I like the ideas.  The IAP patch sewn in. :biggrin:

And this years prestigious award goes to ____________


----------



## Curly (Dec 10, 2015)

I can see it now. Pink IAP mugs, Pink IAP Turning Smocks and Pink Chuck Towels. Pen turning is not just for the manly man anymore. :RockOn: 

For those that have dificulty reading the pink font avove 
I can see it now. Pink IAP mugs, Pink IAP Turning Smocks and Pink Chuck Towels. Pen turning is not just for the manly man anymore. :RockOn:


----------



## Dalecamino (Dec 10, 2015)

Curly said:


> I can see it now. Pink IAP mugs, Pink IAP Turning Smocks and Pink Chuck Towels. Pen turning is not just for the manly man anymore. :RockOn:
> 
> For those that have dificulty reading the pink font avove
> I can see it now. Pink IAP mugs, Pink IAP Turning Smocks and Pink Chuck Towels. Pen turning is not just for the manly man anymore. :RockOn:



You too?? Just had to get involved with this bunch? I'm taking names you know?


----------



## mredburn (Dec 10, 2015)

CHuck is feeling the Love!


----------



## skiprat (Dec 10, 2015)

I wonder what music gets played the most in that .....place???
https://m.youtube.com/watch?v=3T-4y0kifAI

Ricky Lee Jones's Chuckies In Love

Or maybe.....

https://m.youtube.com/watch?v=r0qBaBb1Y-U

Phil Collins' Sussudio ( called that because of the Japanese lady that couldn't pronounce her Ts)


----------



## D.Oliver (Dec 10, 2015)

skiprat said:


> I wonder what music gets played the most in that .....place???
> https://m.youtube.com/watch?v=3T-4y0kifAI
> 
> Ricky Lee Jones's Chuckies In Love
> ...


 

I'm going with this.

https://www.youtube.com/watch?v=-0uiCkY67Rg

I also think there is some pink towel twirling going on while the song plays.


----------



## skiprat (Dec 10, 2015)

Derek, you are a cruel hard man.....'.........keep it up!!

Peculiarly, that video is not permitted to be shown here in Germany.

The title comes up, but it says not permitted in your country.
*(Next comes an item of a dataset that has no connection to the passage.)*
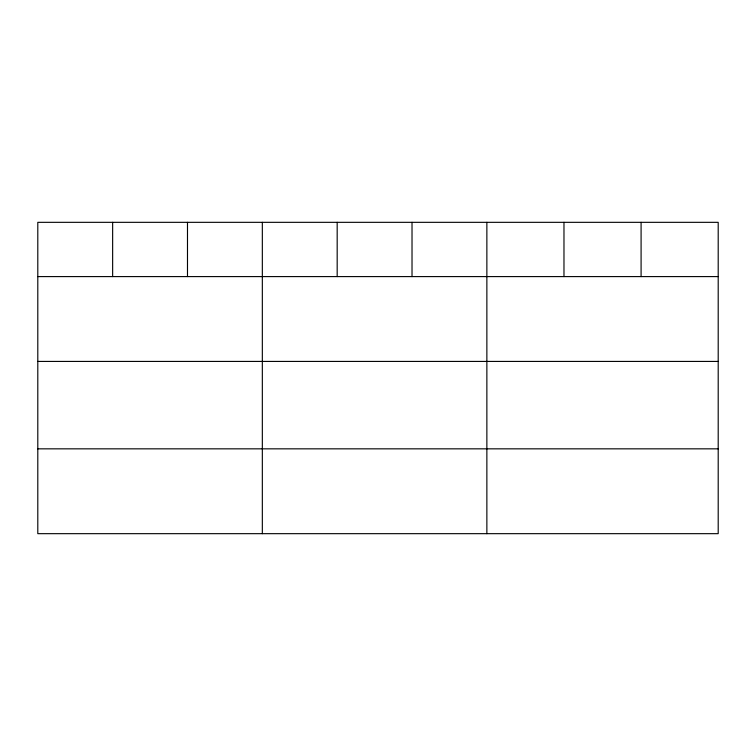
<?xml version="1.0" encoding="UTF-8"?>
<svg xmlns="http://www.w3.org/2000/svg" width="756" height="756" viewBox="0 0 756 756"><rect width="100%" height="100%" fill="white"/><g stroke="black" fill="none" stroke-linecap="round" stroke-linejoin="round"><path stroke-width="1.13" d="M718.2 361.425L718.2 222.33L37.8 222.33L37.8 533.67L718.2 533.67L718.2 361.425L37.8 361.425M37.8 276.592L718.2 276.592M37.8 448.837L718.2 448.837M641.088 222.33L641.088 276.592M563.976 222.33L563.976 276.592M486.864 222.33L486.864 533.67M412.02 222.33L412.02 276.592M337.176 222.33L337.176 276.592M262.332 222.33L262.332 533.67M187.488 222.33L187.488 276.592M112.644 222.33L112.644 276.592"/></g></svg>

I wonder if it's copyright or historic PC gone mad( re the film topic )?


----------



## mredburn (Dec 10, 2015)

Im going to bat for Chuck with 
"you spin me right round" by dope!
https://www.youtube.com/watch?v=JzAektg101M

Notice I didnt use the 80s version Chuck


----------



## Dalecamino (Dec 10, 2015)

mredburn said:


> CHuck is feeling the Love!


Not the kind I'm used to. If this is love....I don't need anymore :redface:



skiprat said:


> I wonder what music gets played the most in that .....place???
> https://m.youtube.com/watch?v=3T-4y0kifAI
> 
> Ricky Lee Jones's Chuckies In Love
> ...


I actually like both of those :tongue:



D.Oliver said:


> skiprat said:
> 
> 
> > I wonder what music gets played the most in that .....place???
> ...


I'm sending YOU a double dose :tongue::biggrin:



skiprat said:


> Derek, you are a cruel hard man.....'.........keep it up!!
> 
> Peculiarly, that video is not permitted to be shown here in Germany.
> 
> ...


Rats aren't allowed to view them :biggrin::tongue:


----------



## skiprat (Dec 10, 2015)

......or, considering Chucks quality of superb craftsmanship....

this song by Pink....:tongue:

https://m.youtube.com/watch?v=XpAjfyiVoT8


----------



## Dalecamino (Dec 10, 2015)

skiprat said:


> ......or, considering Chucks quality of superb craftsmanship....
> 
> this song by Pink....:tongue:
> 
> https://m.youtube.com/watch?v=XpAjfyiVoT8


 NOW!!! You're beginning to make sense :biggrin:


----------



## Dalecamino (Dec 10, 2015)

mredburn said:


> Im going to bat for Chuck with
> "you spin me right round" by dope!
> https://www.youtube.com/watch?v=JzAektg101M
> 
> Notice I didnt use the 80s version Chuck


 Thanks Mike!


----------



## skiprat (Dec 10, 2015)

You know what I love about this site?????

You make one eeny weeny tiny mistake of leaving your favourite pink comforter around in your shiney new studio.....and the whole damned world  and his brother jumps on the bandwagon to kick you in the nuts......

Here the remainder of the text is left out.